Friday, July 15, 2011

Mendelssohn - The Variations Serieuses...A Work of Great Importance

Mendelssohn is justifiably compared, in terms of precocity, with Mozart.
He wrote music at an extremely early age, and publicly appeared as a pianist before age ten. He possessed an assiduously keen curiosity about his world, and traveled a great deal, having been born into a family of power and wealth; after all, his grandfather was the philosopher Moses Mendelssohn, his father Abraham one of Germany's more powerful bankers. We know that he read Shakespeare in English as well as in German. Among other accomplishments, he was the founder of the Leipzig Conservatory, and gained great notoriety both on the Continent and in England.

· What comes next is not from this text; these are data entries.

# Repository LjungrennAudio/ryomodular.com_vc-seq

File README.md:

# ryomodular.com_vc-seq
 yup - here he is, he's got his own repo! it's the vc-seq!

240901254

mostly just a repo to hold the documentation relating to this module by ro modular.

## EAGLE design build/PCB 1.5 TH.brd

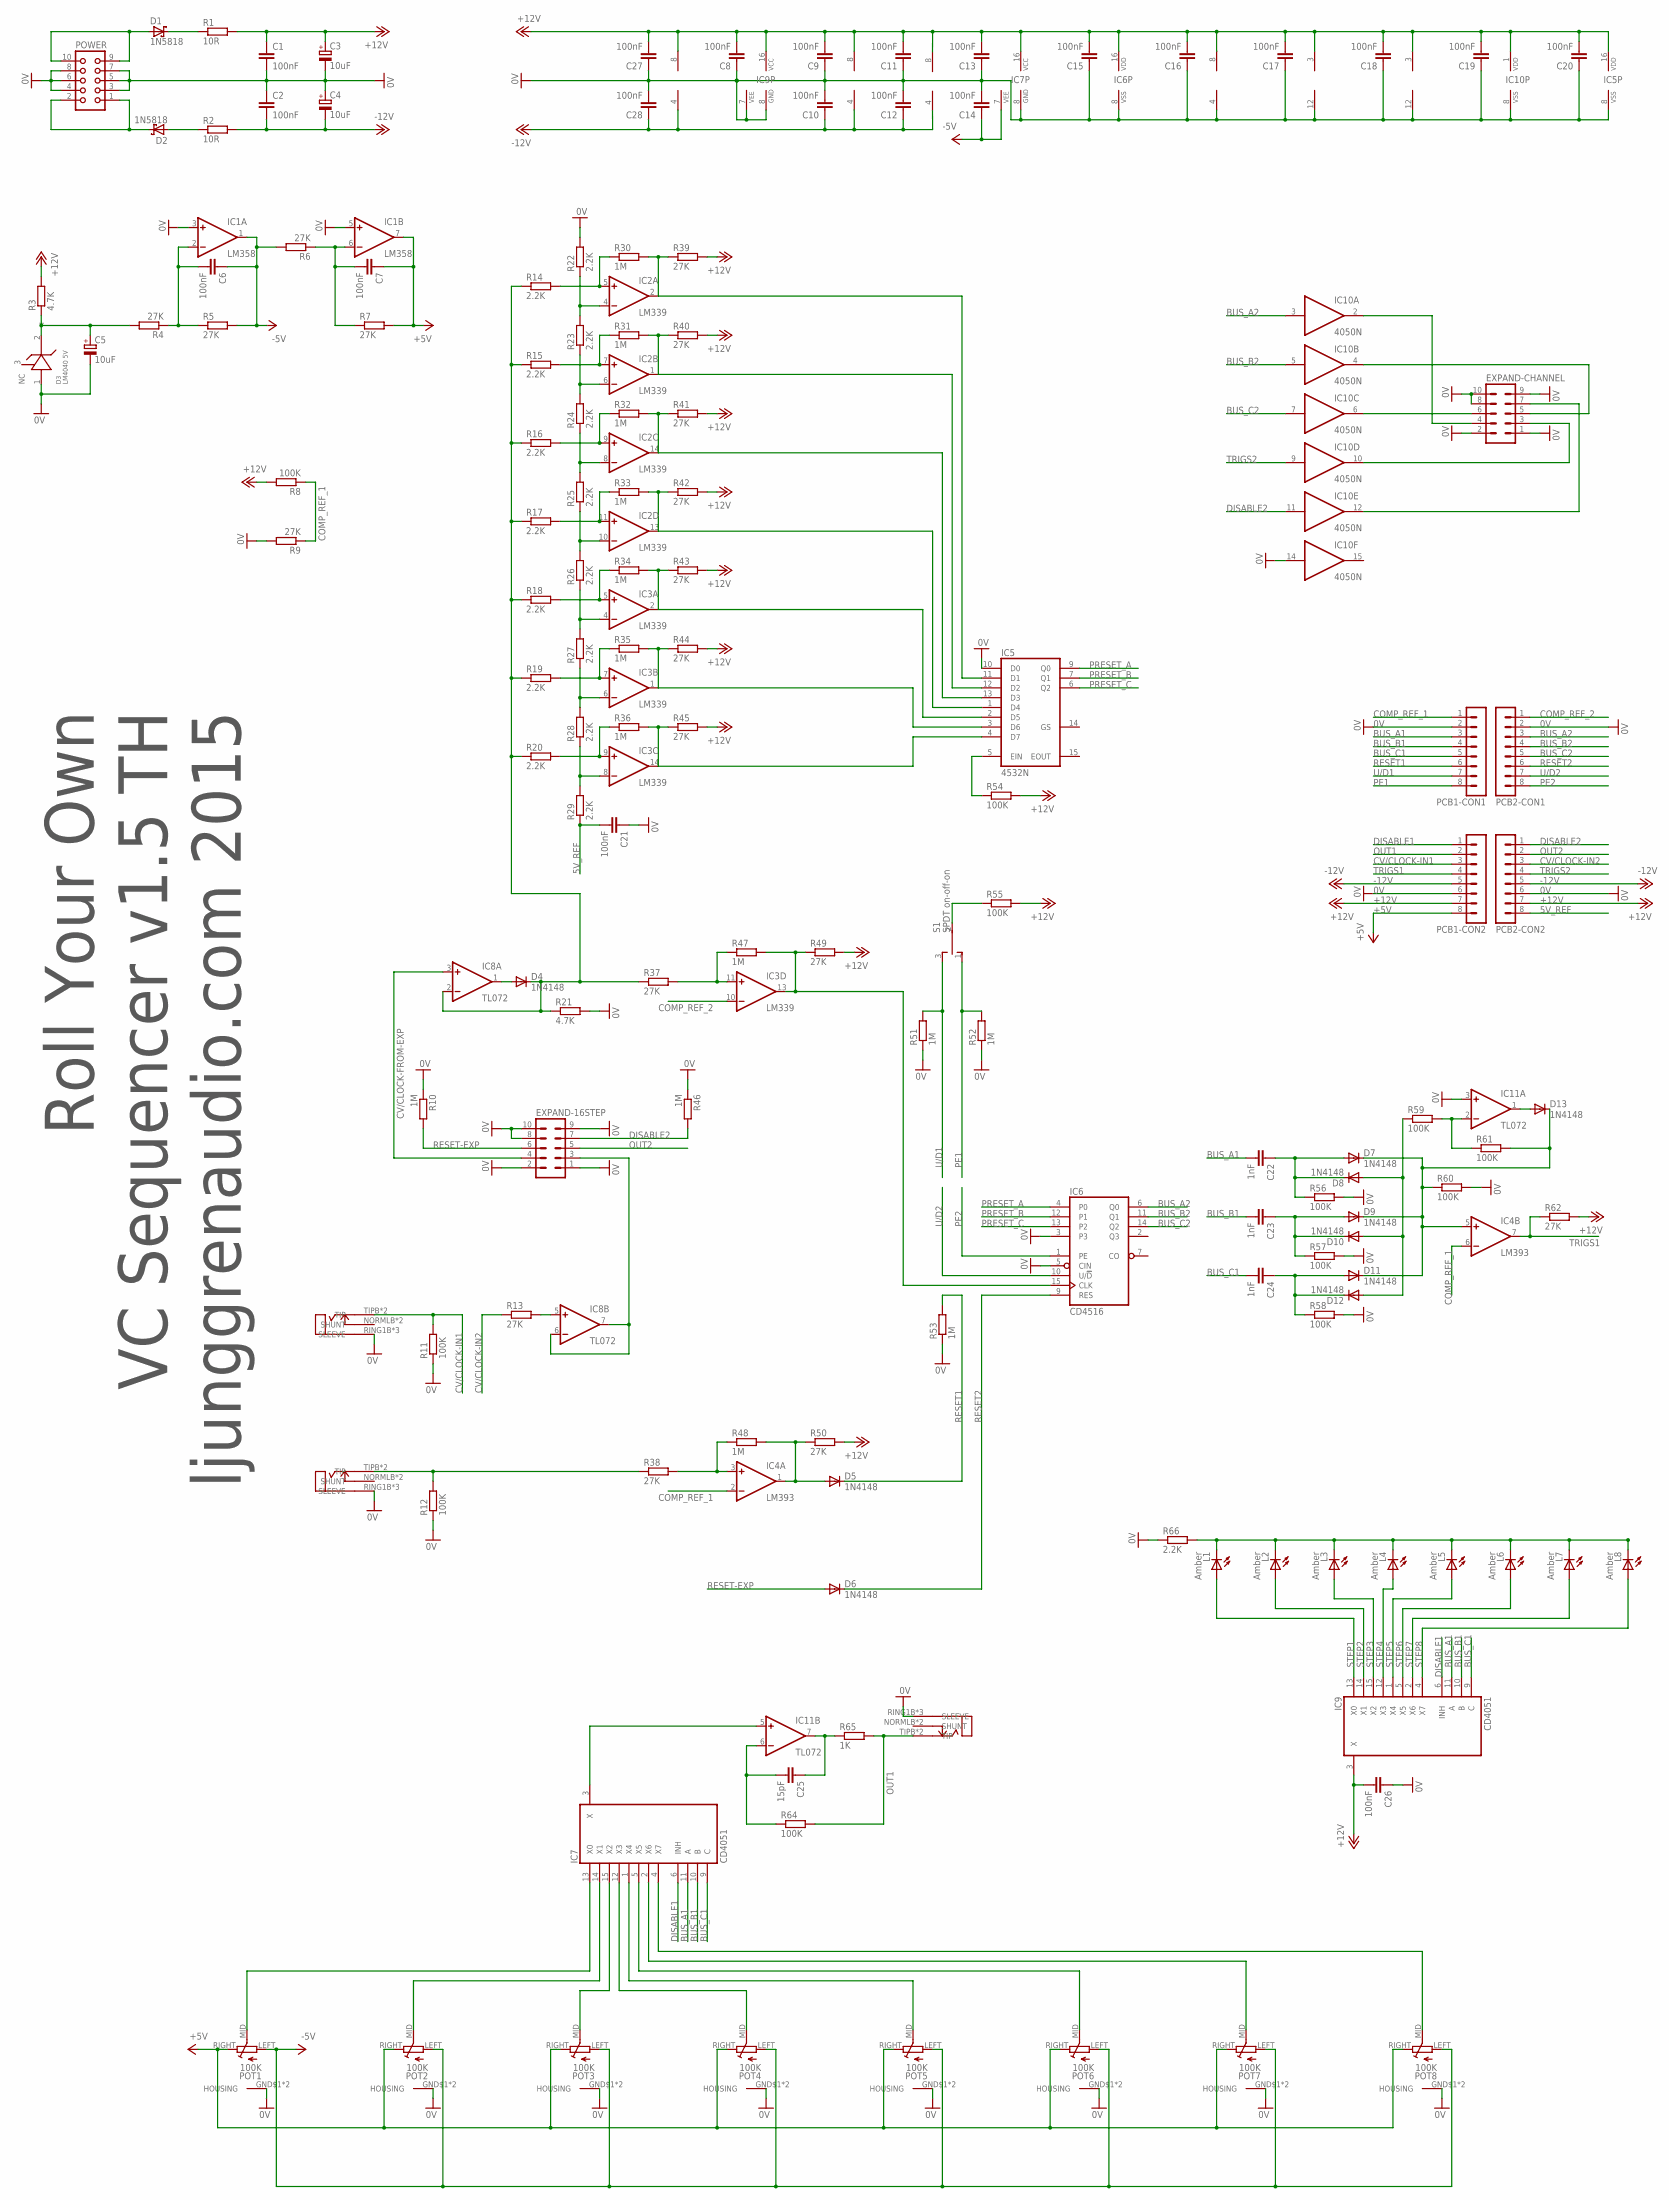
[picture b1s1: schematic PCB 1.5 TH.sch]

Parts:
C1, C2, C6, C7, C8, C9, C10, C11, C12, C13, C14, C15, C16, C17, C18, C19, C20, C21, C26, C27, C28: 100nF; C025-024X044
C3, C4, C5: 10uF; E2-5
C22, C23, C24: 1nF; C025-024X044
C25: 15pF; C025-024X044
CV/CLK-IN: ERTHENVAR_3.5MM_JACKSLOTS; ERTHENVAR-SLOTS
D1, D2: 1N5818; DO41-7
D3: LM4040 5V; TO92-LINE
D4, D5, D6, D7, D8, D9, D10, D11, D12, D13: 1N4148; DO35-6
EXPAND-16STEP: MA05-2
EXPAND-CHANNEL: MA05-2
IC1: LM358; DIL08
IC2, IC3: LM339; DIL14
IC4: LM393; DIL08
IC5: 4532N; DIL16
IC6: CD4516; DIL16
IC7, IC9: CD4051; DIL16
IC8, IC11: TL072; DIL08
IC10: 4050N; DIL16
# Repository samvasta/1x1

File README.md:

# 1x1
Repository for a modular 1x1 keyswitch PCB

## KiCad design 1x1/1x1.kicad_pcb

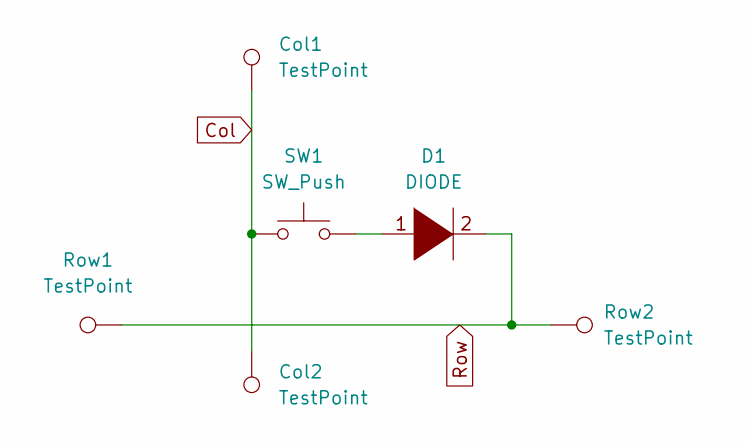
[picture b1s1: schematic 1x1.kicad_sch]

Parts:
Col1, Col2: TestPoint; SinglePad
D1: DIODE; D_MiniMELF_Handsoldering
Row1, Row2: TestPoint; SinglePad
SW1: SW_Push; Kailh_socket_reversible

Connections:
Col: Col1.1, Col2.1, SW1.1
unnamed 1: D1.1 (K), SW1.2; also elsewhere on the board
Row: D1.2 (A), Row1.1, Row2.1; also elsewhere on the board

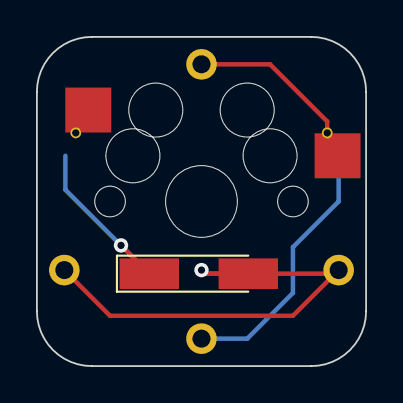
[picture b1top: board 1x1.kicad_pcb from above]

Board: 2 copper layers, 18.3 x 18.3 mm, 7 parts (1 on the bottom side), 3 nets.

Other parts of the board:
D1#2: DIODE; D_MiniMELF_Handsoldering

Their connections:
unnamed 1: D1#2.1 (K); also elsewhere on the board
Row: D1#2.2 (A); also elsewhere on the board

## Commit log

2024-02-19 Impl 1x1 hotswap pcb

His Symphonies and the marvelous Violin Concerto are among his better-known masterpieces.
In the piano solo aspect, his Songs Without Words remain to this day among the more popular masterpieces for the instrument.
One piece, which I believe should be more widely acknowledged, is his Variations Serieuses, primarily for one reason; that is, the quality of dimension in a piece for piano solo.
It goes without saying that in his orchestral works and the Concertos the architectural abilities of Mendelssohn are pandemic, marvelously enhanced by way of his pristine harmonic judgement.
However, in his works for piano solo, he does not involve himself quite as much in size as he does so wonderfully in his harmonic judgement, as witnessed countless times in his Songs Without Words, most of which are a few pages in length. Certainly his vaunted Rondo has extended material; however, in the Variations we see a piece of music of considerable size and concept, both in material and in his abilities to develop variations. As I recall, it was written in 1841, only a few years before a tragically premature death.
There are a few recordings of the Variations available. It is, of course, familiar among those in the profession; however, this blog will serve, hopefully, as a piece of information which will serve some of you by way of discovery of Mendelssohn as not only the great composer we all know, but also as a musical architect of the first magnitude through these magnificent variations.
As a child, I was entranced by the Horowitz recording - see if you can get hold of it.